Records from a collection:
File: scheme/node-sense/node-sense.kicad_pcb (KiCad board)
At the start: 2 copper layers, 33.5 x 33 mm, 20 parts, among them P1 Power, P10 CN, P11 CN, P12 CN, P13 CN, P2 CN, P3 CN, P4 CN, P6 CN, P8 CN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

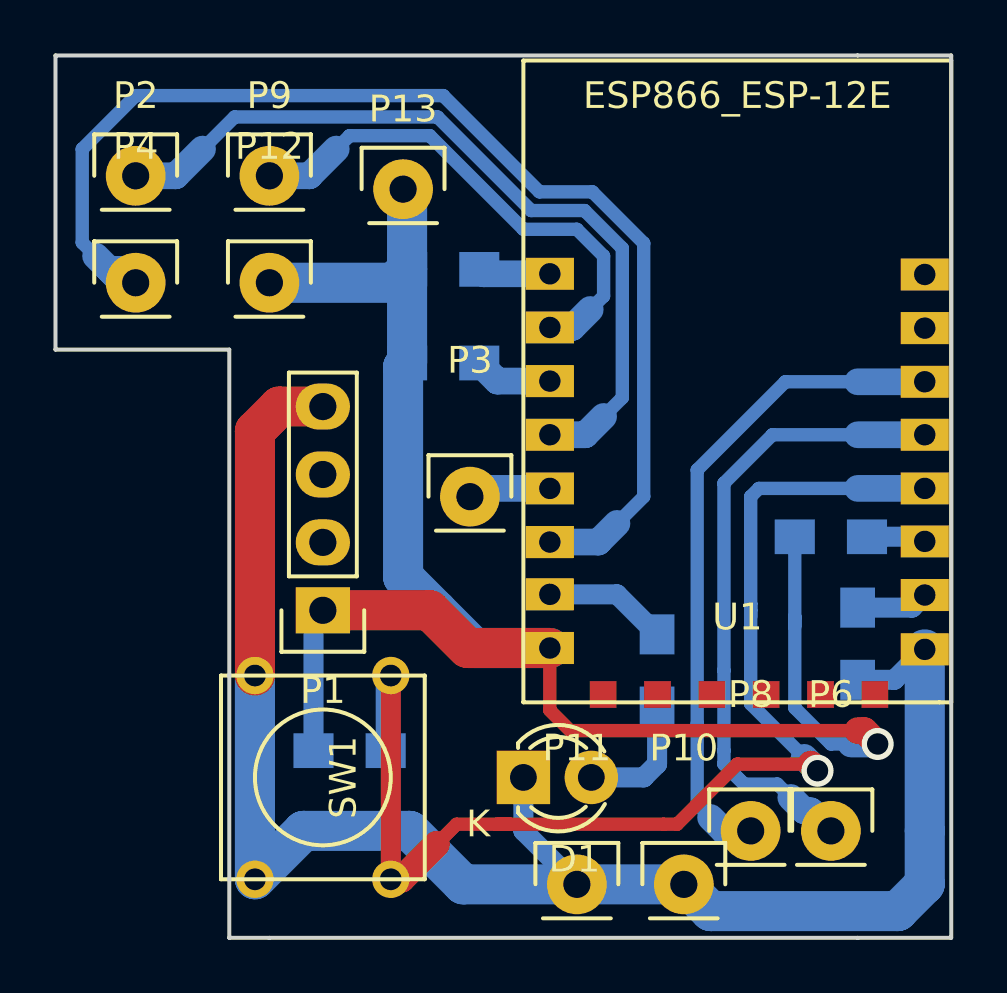
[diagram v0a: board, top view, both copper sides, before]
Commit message: node-sene: add more GND/Vcc pads, move tracks to front layer
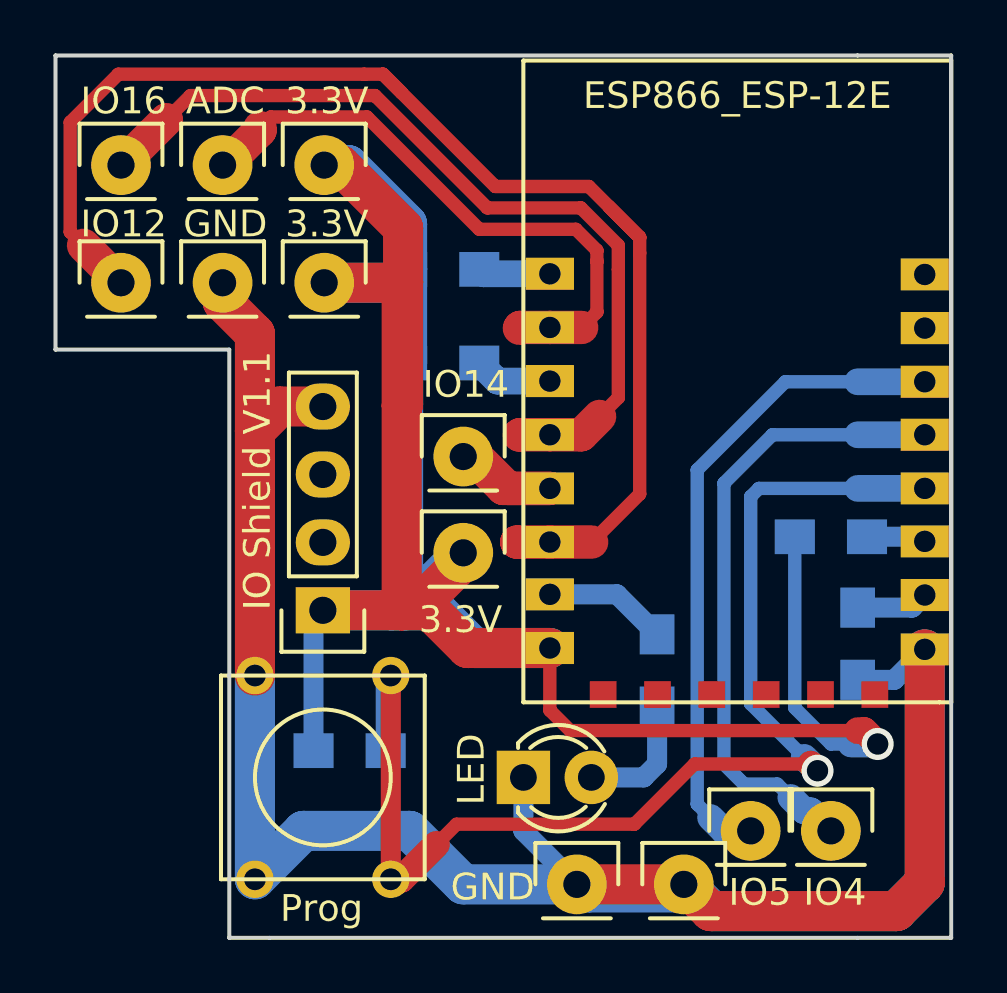
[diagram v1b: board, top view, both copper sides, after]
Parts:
- added P14: 3.3V, Pin_Headers:Pin_Header_Straight_1x01, F.Cu at (122.2, 81.6)
- added P15: GND, Pin_Headers:Pin_Header_Straight_1x01, F.Cu at (113.2, 71.5)
- P1: value Power -> (none)
- P10, P11: value CN -> GND
- P12, P13: value CN -> 3.3V
- P2: value CN -> IO16
- P3: value CN -> IO14
- P4: value CN -> IO12
- P6: value CN -> IO4
- P8: value CN -> IO5
- P9: value CN -> ADC
- moved P13 3.08 mm to (117.0, 67.1)
- moved P12 2.05 mm to (117.0, 71.5)
- moved P9 1.80 mm to (113.2, 67.1)
- moved P3 1.52 mm to (122.2, 78.0)
- moved P2 0.68 mm to (109.5, 67.1)
- moved P4 0.55 mm to (109.5, 71.5)
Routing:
- net /3.3Vcc: track 71.0 -> 104.8 mm
- net /GND: track 66.6 -> 95.4 mm
- net Net-(P3-Pad1): track 3.12 -> 7.17 mm
- net Net-(P9-Pad1): track 22.8 -> 24.3 mm
- net Net-(R4-Pad1): track 51.0 -> 50.0 mm
- net Net-(P2-Pad1): track 33.8 -> 32.9 mm
- net Net-(P4-Pad1): track 49.5 -> 48.9 mm
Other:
- board text added: "IO Shield V1.1"

Task objective: Set the records down again precisely, skipping every image.

Response box:
File: scheme/node-sense/node-sense.kicad_pcb (KiCad board)
At the start: 2 copper layers, 33.5 x 33 mm, 20 parts, among them P1 Power, P10 CN, P11 CN, P12 CN, P13 CN, P2 CN, P3 CN, P4 CN, P6 CN, P8 CN

[diagram v0a: board, top view, both copper sides, before]
Commit message: node-sene: add more GND/Vcc pads, move tracks to front layer
[diagram v1b: board, top view, both copper sides, after]
Parts:
- added P14: 3.3V, Pin_Headers:Pin_Header_Straight_1x01, F.Cu at (122.2, 81.6)
- added P15: GND, Pin_Headers:Pin_Header_Straight_1x01, F.Cu at (113.2, 71.5)
- P1: value Power -> (none)
- P10, P11: value CN -> GND
- P12, P13: value CN -> 3.3V
- P2: value CN -> IO16
- P3: value CN -> IO14
- P4: value CN -> IO12
- P6: value CN -> IO4
- P8: value CN -> IO5
- P9: value CN -> ADC
- moved P13 3.08 mm to (117.0, 67.1)
- moved P12 2.05 mm to (117.0, 71.5)
- moved P9 1.80 mm to (113.2, 67.1)
- moved P3 1.52 mm to (122.2, 78.0)
- moved P2 0.68 mm to (109.5, 67.1)
- moved P4 0.55 mm to (109.5, 71.5)
Routing:
- net /3.3Vcc: track 71.0 -> 104.8 mm
- net /GND: track 66.6 -> 95.4 mm
- net Net-(P3-Pad1): track 3.12 -> 7.17 mm
- net Net-(P9-Pad1): track 22.8 -> 24.3 mm
- net Net-(R4-Pad1): track 51.0 -> 50.0 mm
- net Net-(P2-Pad1): track 33.8 -> 32.9 mm
- net Net-(P4-Pad1): track 49.5 -> 48.9 mm
Other:
- board text added: "IO Shield V1.1"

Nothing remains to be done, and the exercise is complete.